Cette ouverture singulière jeta beaucoup d’embarras dans leur conversation, et souvent l’un et l’autre eurent les larmes aux yeux.
Le fiscal général Rassi aspirait toujours à changer de nom; il était bien las de celui qu’il s’était fait, et voulait devenir baron Riva. Le comte Mosca, de son côté, travaillait, avec toute l’habileté dont il était capable, à fortifier chez ce juge vendu la passion de la baronnie, comme il cherchait à redoubler chez le prince la folle espérance de se faire roi constitutionnel de la Lombardie. C ’étaient les seuls moyens qu’il eût pu inventer de retarder la mort de Fabrice.
Le prince disait à Rassi:
– Quinze jours de désespoir et quinze jours d’espérance, c’est par ce régime patiemment suivi que nous parviendrons à vaincre le caractère de cette femme altière; c’est par ces alternatives de douceur et de dureté que l’on arrive à dompter les chevaux les plus féroces. Appliquez le caustique ferme.
En effet, tous les quinze jours on voyait renaître dans Parme un nouveau bruit annonçant la mort prochaine de Fabrice. Ces propos plongeaient la malheureuse duchesse dans le dernier désespoir. Fidèle à la résolution de ne pas entraîner le comte dans sa ruine, elle ne le voyait que deux fois par mois; mais elle était punie de sa cruauté envers ce pauvre homme par les alternatives continuelles de sombre désespoir où elle passait sa vie. En vain le comte Mosca, surmontant la jalousie cruelle que lui inspiraient les assiduités du comte Baldi, ce si bel homme, écrivait à la duchesse quand il ne pouvait la voir, et lui donnait connaissance de tous les renseignements qu’il devait au zèle du futur baron Riva, la duchesse aurait eu besoin, pour pouvoir résister aux bruits atroces qui couraient sans cesse sur Fabrice de passer sa vie avec un homme d’esprit et de cœur tel que Mosca; la nullité du Baldi, la laissant à ses pensées, lui donnait une façon d’exister affreuse, et le comte ne pouvait parvenir à lui communiquer ses raisons d’espérer.

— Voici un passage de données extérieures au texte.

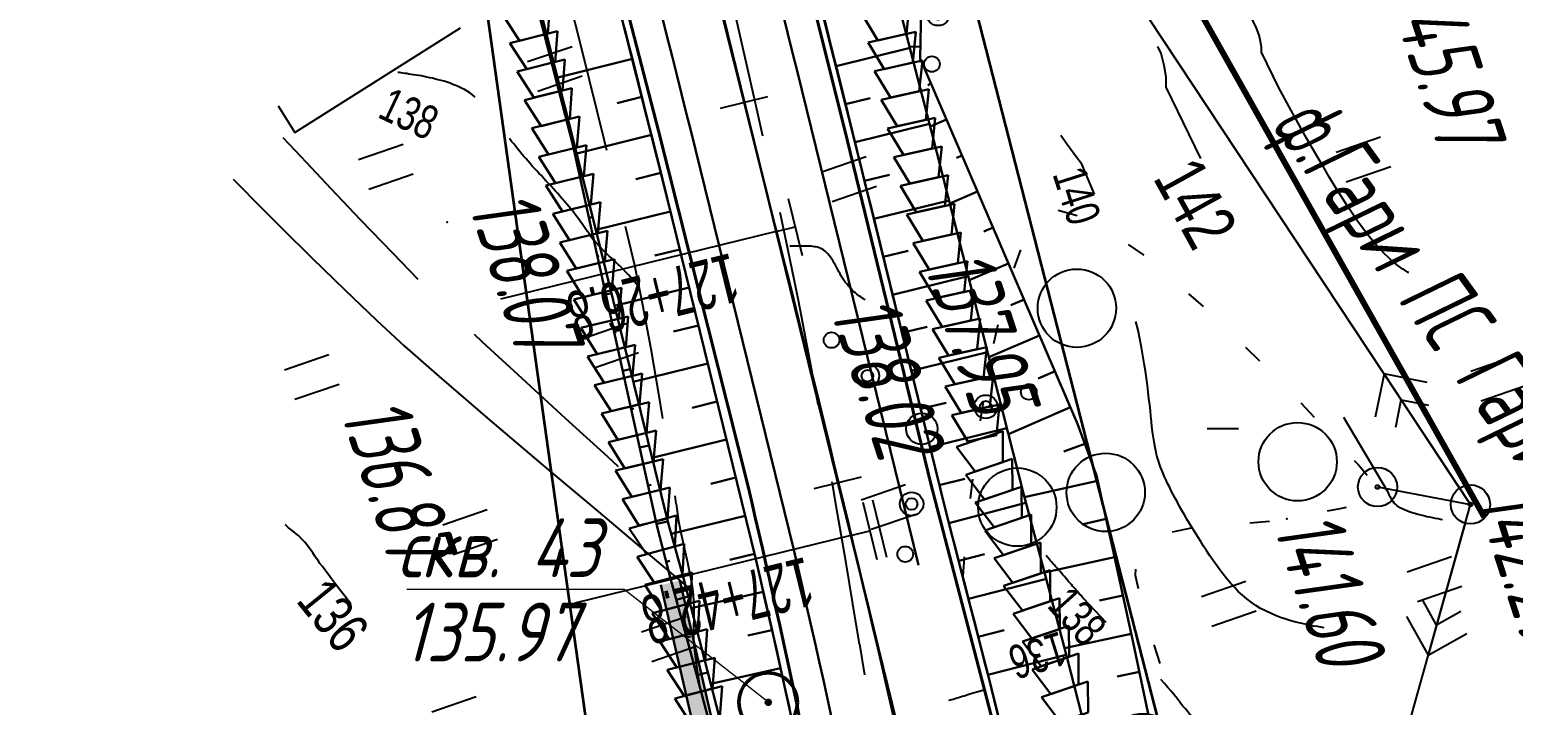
# Model space of a CAD drawing. Header units: millimetres. Extents: x -1799 to 6962, y -1020 to 4121.
# Drawn here: x 6834.9 to 6910.6, y -686.7 to -652.2 of the extents above; entities that cross this region are included whole.
import ezdxf

# ---------------------------------------------------------------- set-up
doc = ezdxf.new("R2010")
doc.units = ezdxf.units.MM
doc.linetypes.add('CONTI', pattern=[0])
for name, color, linetype, lineweight in [('10', 1, 'Continuous', 35), ('геология', 7, 'Continuous', 20), ('КОПИЯ_ОСЬ_13_ОТКОСЫ', 7, 'Continuous', 30), ('КОПИЯ_ОСЬ_ГРАНИЦЫ_ПОЛОС', 7, 'Continuous', 30), ('КОПИЯ_ОСЬ_ОТКОСЫ', 7, 'Continuous', 30), ('Новые опоры', 5, 'Continuous', 35), ('Огражд-перила', 1, 'ограждение2', 40), ('ОСЬ_ВЕРХ_ПОКРЫТИЯ_ГРАНИЦЫ_ПОЛОС', 7, 'Continuous', 30), ('ОСЬ_ВЕРХ_ПОКРЫТИЯ_ОСЬ', 1, 'Continuous', 30), ('Тротуар', 40, 'Continuous', 35)]:
    doc.layers.add(name, color=color, linetype=linetype, lineweight=lineweight)
for name, color, linetype in [('GOR_BDEFAULT', 212, 'CONTI'), ('PI_OTDEFAULT', 172, 'CONTI'), ('PI_TTDEFAULT', 5, 'CONTI'), ('PLN_O', 7, 'CONTI'), ('SIT_LDEFAULT', 7, 'CONTI'), ('USLZNDEFAULT', 7, 'CONTI'), ('канава', 7, 'Continuous'), ('КОПИЯ_ОСЬ_ТАНГЕНСЫ', 1, 'Continuous'), ('ОСЬ_ВЕРХ_ПОКРЫТИЯ_ПИКЕТЫ', 1, 'Continuous'), ('ОСЬ_ВЕРХ_ПОКРЫТИЯ_РАЗБИВКА_КРИВ', 1, 'Continuous'), ('ОСЬ_ВЕРХ_ПОКРЫТИЯ_ТАНГЕНСЫ', 1, 'Continuous'), ('разметка', 7, 'Continuous')]:
    doc.layers.add(name, color=color, linetype=linetype)
doc.layers.get('КОПИЯ_ОСЬ_ОТКОСЫ').off()
doc.styles.add('eskd', font='spds.shx', dxfattribs={"width": 1.2, "oblique": 15})
doc.styles.add('SHRFT', font='TXT', dxfattribs={"width": 3.5})
doc.styles.get("Standard").update_dxf_attribs({"font": 'arial.ttf'})
doc.styles.add('ГОСТ', font='', dxfattribs={"oblique": 15, "height": 4})
doc.styles.get('ГОСТ').set_extended_font_data('GOST type A')
doc.linetypes.add('ограждение2', pattern='A,0.25,-0.1,[132,ltypeshp.shx,S=0.1,R=0,X=-0.1,Y=0],-0.1,1', length=1.45)

# ---------------------------------------------------------------- blocks, each defined once
blk = doc.blocks.new('BL_2004')
at = {"color": 0}
blk.add_circle((0, 0), 2, dxfattribs=at)
blk = doc.blocks.new('BL_2011')
at = {"color": 0}
for p, q in [((0, 0), (0, 2.4)), ((1.6, 0), (1.6, 2.4))]:
    blk.add_line(p, q, dxfattribs=at)
blk = doc.blocks.new('BL_26')
at = {"color": 0}
for radius in [1, 0.1]:
    blk.add_circle((0, 0), radius, dxfattribs=at)
blk = doc.blocks.new('BL_2010')
at = {"color": 0}
for centre, radius in [((0, 5.78), 0.4), ((0, 3.46), 0.6), ((0, 3.46), 0.3), ((0, 0), 0.8), ((-3.46, -1.74), 0.6), ((-3.46, -1.74), 0.3), ((3.46, -1.74), 0.6), ((3.46, -1.74), 0.3), ((-5.78, -2.88), 0.4), ((5.78, -2.88), 0.4)]:
    blk.add_circle(centre, radius, dxfattribs=at)
blk = doc.blocks.new('6')
at = {"layer": 'канава', "color": 5, "linetype": 'Continuous', "lineweight": 30}
for p, q in [((-1.5, -1.25), (-1.5, 1.25)), ((0, 0.75), (-1.5, 1.25)), ((0, 0.75), (0, -0.75)), ((0, -0.75), (-1.5, -1.25))]:
    blk.add_line(p, q, dxfattribs=at)
blk = doc.blocks.new('*U57')
at = {"layer": 'КОПИЯ_ОСЬ_13_ОТКОСЫ'}
for points in [[(276.51, -521.282), (279.502, -532.858), (284.177, -551.278), (285.174, -554.988), (286.411, -559.683), (287.372, -563.491)], [(279.115, -518.639), (278.901, -529.064), (280.827, -533.516), (286.944, -547.715), (287.905, -550.363), (288.742, -554.12), (289.783, -558.892), (290.59, -562.774)], [(278.915, -528.461), (278.37, -528.448)], [(279.456, -530.346), (279.289, -530.418)], [(280.25, -532.182), (279.42, -532.54)], [(281.043, -534.018), (280.766, -534.137)], [(281.834, -535.854), (280.417, -536.465)], [(282.626, -537.691), (282.153, -537.895)], [(283.417, -539.528), (281.414, -540.391)], [(284.208, -541.365), (283.541, -541.653)], [(285, -543.202), (282.41, -544.317)], [(285.791, -545.038), (284.928, -545.41)], [(286.582, -546.875), (283.407, -548.243)], [(287.314, -548.735), (286.231, -549.129)], [(287.964, -550.625), (284.225, -551.458)], [(288.399, -552.577), (287.153, -552.855)], [(288.832, -554.53), (285.259, -555.309)], [(289.258, -556.484), (288.067, -556.744)], [(289.684, -558.438), (286.278, -559.18)], [(290.095, -560.395), (288.958, -560.632)]]:
    blk.add_lwpolyline(points, dxfattribs=at)
blk = doc.blocks.new('*U60')
at = {"layer": 'КОПИЯ_ОСЬ_13_ОТКОСЫ'}
for points in [[(290.183, -534.663), (293.073, -546.158), (296.951, -561.864), (297.7, -564.563), (298.66, -568.245), (299.826, -572.804)], [(289.583, -532.859), (292.065, -542.5), (293.095, -547.129), (296.375, -562.005), (297.08, -564.715), (298.072, -568.388), (299.277, -572.933)], [(291.028, -538.449), (291.135, -538.422)], [(291.525, -540.387), (291.561, -540.378)], [(292.02, -542.325), (292.111, -542.301)], [(292.46, -544.276), (292.49, -544.269)], [(292.894, -546.228), (293.08, -546.186)], [(293.327, -548.18), (293.389, -548.167)], [(293.757, -550.133), (294.04, -550.071)], [(294.188, -552.087), (294.282, -552.066)], [(294.619, -554.04), (294.999, -553.956)], [(295.049, -555.993), (295.176, -555.965)], [(295.48, -557.946), (295.958, -557.84)], [(295.911, -559.899), (296.07, -559.864)], [(296.341, -561.852), (296.917, -561.725)], [(296.839, -563.789), (297.029, -563.74)], [(297.352, -565.722), (297.96, -565.558)], [(297.873, -567.653), (298.076, -567.598)], [(298.39, -569.585), (298.964, -569.433)]]:
    blk.add_lwpolyline(points, dxfattribs=at)

msp = doc.modelspace()

# ---------------------------------------------------------------- hatches: boundary and pattern name
at = {"layer": 'Тротуар', "lineweight": 30, "ltscale": 7}
msp.add_hatch(color=256, dxfattribs=at).paths.add_polyline_path([(6868.062, -680.291), (6867.087, -680.515), (6872.012, -701.901), (6873.407, -713.472), (6872.702, -731.068), (6868.24, -747.774), (6854.387, -769.897), (6839.02, -785.177), (6782.805, -832.795), (6732.156, -876.708), (6733.124, -877.193), (6783.456, -833.554), (6839.697, -785.915), (6855.097, -770.647), (6869.167, -748.177), (6873.717, -731.141), (6874.409, -713.431), (6872.999, -701.728)])

# ---------------------------------------------------------------- linework, layer by layer
at = {"layer": '10'}
for points in [[(6893.698, -739.663), (6896.038, -716.233), (6894.478, -695.143), (6882.058, -646.693), (6862.996, -576.497), (6857.046, -557.057)], [(6827.636, -564.447), (6830.276, -572.757), (6838.856, -566.517), (6843.136, -580.797), (6843.136, -580.797), (6853.108, -614.593), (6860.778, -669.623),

Au moyen de divers prétextes assez ingénieux, ce ministre était parvenu à faire consentir le prince à ce que l’on déposât dans un château ami, au centre même de la Lombardie, dans les environs de Sarono, les archives de toutes les intrigues fort compliquées au moyen desquelles Ranuce-Ernest IV nourrissait l’espérance archifolle de se faire roi constitutionnel de ce beau pays.